Given information below:

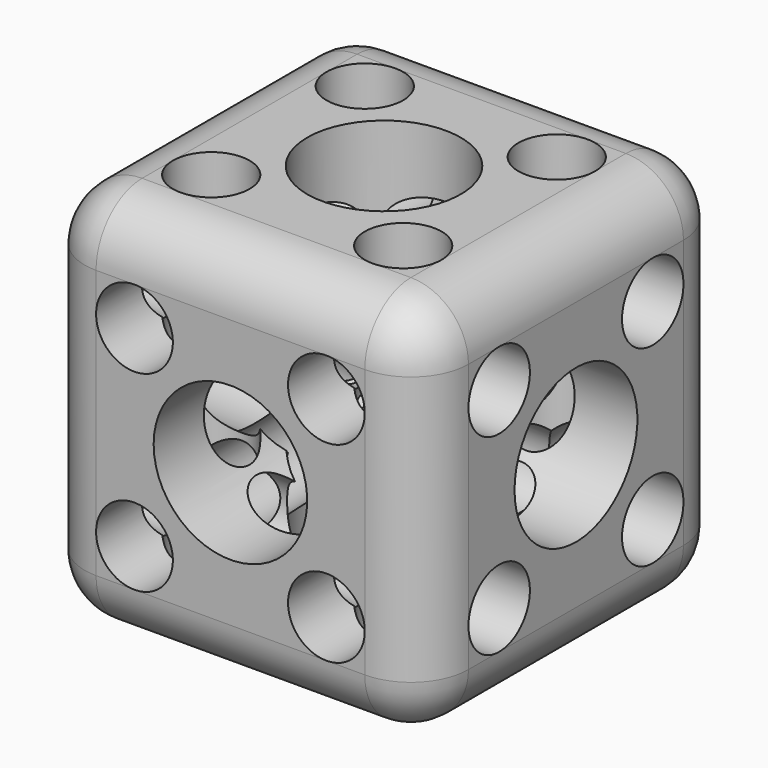
from build123d import *

# Parameters (mm, degrees)
F0_W     = 20
F0_H     = 20
F1_DEPTH = 10
F3_D     = 4
F5_D     = 4
F7_D     = 4
F8_R     = 2.99999
F10_D    = 8
F12_D    = 8
F14_D    = 8


# Not quite as in the source:
# - a fillet or chamfer is up to 0.001 mm smaller than in the source, because OpenCascade refuses the exact size


with BuildPart() as f1:
    # F0 (on Top) → F1 (new body, symmetric)
    with BuildSketch(Plane.XY):
        Rectangle(F0_W, F0_H)
    extrude(amount=F1_DEPTH, both=True)

    # F3 (through all)
    with Locations(Plane.XY.offset(10)):
        with Locations((-5, 5), (5, 5), (5, -5), (-5, -5)):
            Hole(F3_D / 2)

    # F5 (through all)
    with Locations(Plane.XZ.offset(10)):
        with Locations((-5, 5), (5, 5), (5, -5), (-5, -5)):
            Hole(F5_D / 2)

    # F7 (through all)
    with Locations(Plane.YZ.offset(10)):
        with Locations((-5, 5), (5, 5), (5, -5), (-5, -5)):
            Hole(F7_D / 2)

    # F8 (radius 3 in the source; OpenCascade refuses exactly that, so slightly less here)
    f8_edges = [f1.edges().sort_by_distance(p)[0] for p in [
        (10, 0, 10),
        (10, -10, 0),
        (10, 10, 0),
        (10, 0, -10),
        (0, 10, 10),
        (0, -10, 10),
        (-10, 0, 10),
        (0, 10, -10),
        (-10, 10, 0),
        (-10, 0, -10),
        (0, -10, -10),
        (-10, -10, 0),
    ]]
    fillet(f8_edges, radius=F8_R)

    # F10 (through all)
    with Locations(Plane.XY.offset(10)):
        with Locations((0, 0)):
            Hole(F10_D / 2)

    # F12 (through all)
    with Locations(Plane.XZ.offset(10)):
        with Locations((0, 0)):
            Hole(F12_D / 2)

    # F14 (through all)
    with Locations(Plane.YZ.offset(10)):
        with Locations((0, 0)):
            Hole(F14_D / 2)


solid = f1.part

End of Given information.

> _Exercise prompt_
Each line above where the word "Hole" occurs should be copied out.

> _Output below_
            Hole(F3_D / 2)
            Hole(F5_D / 2)
            Hole(F7_D / 2)
            Hole(F10_D / 2)
            Hole(F12_D / 2)
            Hole(F14_D / 2)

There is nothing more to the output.